This change, which vastly simplifies tracepoint.c, has been proposed by
Steven Rostedt. It also removes 8.8kB (mostly of text) to the vmlinux
size.
From this point on, the tracers need to pass a struct tracepoint pointer
to probe register/unregister. A probe can now only be connected to a
tracepoint that exists.
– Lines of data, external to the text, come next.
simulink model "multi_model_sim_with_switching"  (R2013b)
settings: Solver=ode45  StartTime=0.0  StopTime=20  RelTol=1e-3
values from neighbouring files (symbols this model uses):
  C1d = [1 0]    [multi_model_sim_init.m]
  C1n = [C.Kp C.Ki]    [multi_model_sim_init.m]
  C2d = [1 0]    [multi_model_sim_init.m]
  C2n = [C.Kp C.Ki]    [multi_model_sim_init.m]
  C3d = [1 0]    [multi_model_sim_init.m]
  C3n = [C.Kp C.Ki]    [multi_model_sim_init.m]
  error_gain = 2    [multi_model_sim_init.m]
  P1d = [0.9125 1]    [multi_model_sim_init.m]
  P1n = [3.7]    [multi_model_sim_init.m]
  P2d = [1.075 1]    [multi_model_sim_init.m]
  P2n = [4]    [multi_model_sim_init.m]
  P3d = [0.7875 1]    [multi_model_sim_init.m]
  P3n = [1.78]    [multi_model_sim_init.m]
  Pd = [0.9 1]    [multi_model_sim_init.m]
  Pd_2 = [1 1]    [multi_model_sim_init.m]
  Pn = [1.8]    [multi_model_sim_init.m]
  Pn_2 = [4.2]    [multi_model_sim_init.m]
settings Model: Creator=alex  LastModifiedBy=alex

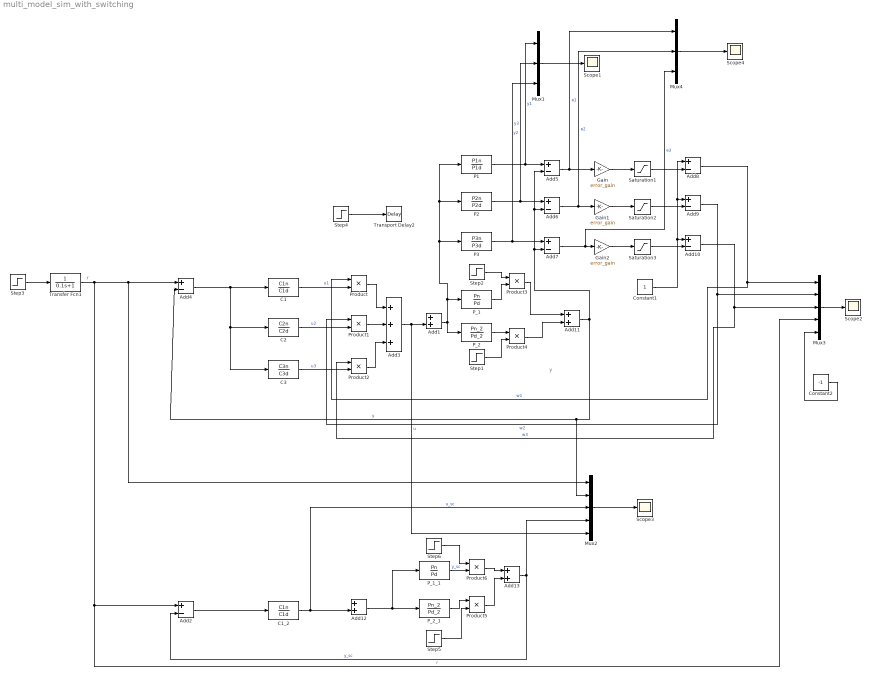
== system multi_model_sim_with_switching ==
  note: r
  note: y
  Add{1,11..13} (4 alike) : Sum
  Add{2,4..10} (8 alike) : Sum  Inputs=+-
  Add3 : Sum  Inputs=+++
  C1 : TransferFcn  Numerator=C1n  Denominator=C1d
  "C1_2 " : TransferFcn  Numerator=C1n  Denominator=C1d
  C2 : TransferFcn  Numerator=C2n  Denominator=C2d
  C3 : TransferFcn  Numerator=C3n  Denominator=C3d
  Constant1 : Constant
  Constant2 : Constant  Value=-1
  Gain : Gain  Gain=error_gain
  Gain1 : Gain  Gain=error_gain
  Gain2 : Gain  Gain=error_gain
  Mux1 : Mux  Inputs=3
  Mux2 : Mux  Inputs=5
  Mux3 : Mux  Inputs=5
  Mux4 : Mux  Inputs=3
  P1 : TransferFcn  Numerator=P1n  Denominator=P1d
  P2 : TransferFcn  Numerator=P2n  Denominator=P2d
  P3 : TransferFcn  Numerator=P3n  Denominator=P3d
  P_1 : TransferFcn  Numerator=Pn  Denominator=Pd
  P_1_1 : TransferFcn  Numerator=Pn  Denominator=Pd
  "P_2 " : TransferFcn  Numerator=Pn_2  Denominator=Pd_2
  "P_2_1 " : TransferFcn  Numerator=Pn_2  Denominator=Pd_2
  Product{,1..6} (7 alike) : Product
  Saturation1 : Saturate  UpperLimit=1  LowerLimit=0
  Saturation2 : Saturate  UpperLimit=1  LowerLimit=0
  Saturation3 : Saturate  UpperLimit=1  LowerLimit=0
  Scope{1..4} (4 alike) : Scope
      Scope1 settings: ShowLegends=on
      Scope2 settings: ShowLegends=on
      Scope3 settings: ShowLegends=on  SaveName=ScopeData3
      Scope4 settings: ShowLegends=on  SaveName=ScopeData2
  Step1 : Step  Time=5  Before=1  After=0  SampleTime=0
  Step2 : Step  Time=5  SampleTime=0
  Step3 : Step  SampleTime=0
  Step4 : Step  After=0.1  SampleTime=0
  Step5 : Step  Time=5  Before=1  After=0  SampleTime=0
  Step6 : Step  Time=5  SampleTime=0
  Transfer Fcn1 : TransferFcn  Denominator=[0.1 1]
  Transport Delay2 : TransportDelay  DelayTime=10
  wires:
  Mux2/1 -> Scope3/1
  Step3/1 -> Transfer Fcn1/1
  C1/1 -> Product/2  "u1"
  C2/1 -> Product1/2  "u2"
  C3/1 -> Product2/2  "u3"
  Product/1 -> Add3/1
  Product1/1 -> Add3/2
  Product2/1 -> Add3/3
  Add4/1 -> C1/1, C3/1, C2/1
  Transfer Fcn1/1 -> Mux2/1, Add4/1, Mux3/4, Add2/1  "r"
  P1/1 -> Mux1/1, Add5/1  "y1"
  P2/1 -> Add6/1, Mux1/2  "y2"
  P3/1 -> Add7/1, Mux1/3  "y3"
  Add5/1 -> Mux4/1, Gain/1  "e1"
  Add6/1 -> Mux4/2, Gain1/1  "e2"
  Add7/1 -> Mux4/3, Gain2/1  "e3"
  Gain/1 -> Saturation1/1
  Gain1/1 -> Saturation2/1
  Gain2/1 -> Saturation3/1
  Saturation1/1 -> Add8/2
  Saturation2/1 -> Add9/2
  Saturation3/1 -> Add10/2
  Step4/1 -> Transport Delay2/1
  Add11/1 -> Add4/2, Mux2/2, Add5/2, Add6/2, Add7/2  "y"
  Add9/1 -> Product1/1, Mux3/2  "w2"
  Add10/1 -> Mux3/3, Product2/1  "w3"
  Mux1/1 -> Scope1/1
  Add8/1 -> Mux3/1, Product/1  "w1"
  Mux3/1 -> Scope2/1
  Constant1/1 -> Add8/1, Add9/1, Add10/1
  Mux4/1 -> Scope4/1
  Add1/1 -> "P_2 "/1, P1/1, P2/1, P3/1, P_1/1
  Add3/1 -> Mux2/5, Add1/2  "u"
  Add2/1 -> "C1_2 "/1
  "C1_2 "/1 -> Mux2/3, Add12/2  "u_sc"
  Add12/1 -> "P_2_1 "/1, P_1_1/1
  Product4/1 -> Add11/2
  Step2/1 -> Product3/1
  P_1/1 -> Product3/2
  Product3/1 -> Add11/1
  "P_2 "/1 -> Product4/1
  Step1/1 -> Product4/2
  Product6/1 -> Add13/1
  Product5/1 -> Add13/2
  Step6/1 -> Product6/1
  P_1_1/1 -> Product6/2  "y_sc"
  "P_2_1 "/1 -> Product5/1
  Step5/1 -> Product5/2
  Add13/1 -> Add2/2, Mux2/4  "y_sc"
  Constant2/1 -> Mux3/5

Moreover, tracers are responsible for
unregistering the probe before the module containing its associated
tracepoint is unloaded.
text data bss dec hex filename
10443444 4282528 10391552 25117524 17f4354 vmlinux.orig
10434930 4282848 10391552 25109330 17f2352 vmlinux
Link: http://lkml.kernel.org/r/1396992381-23785-2-git-send-email-mathieu.desnoyers@efficios.com
CC: Ingo Molnar <mingo@kernel.org>
CC: Frederic Weisbecker <fweisbec@gmail.com>
CC: Andrew Morton <akpm@linux-foundation.org>
CC: Frank Ch. Eigler <fche@redhat.com>
CC: Johannes Berg <johannes.berg@intel.com>
Signed-off-by: Mathieu Desnoyers <mathieu.desnoyers@efficios.com>
[ SDR - fixed return val in void func in tracepoint_module_going() ]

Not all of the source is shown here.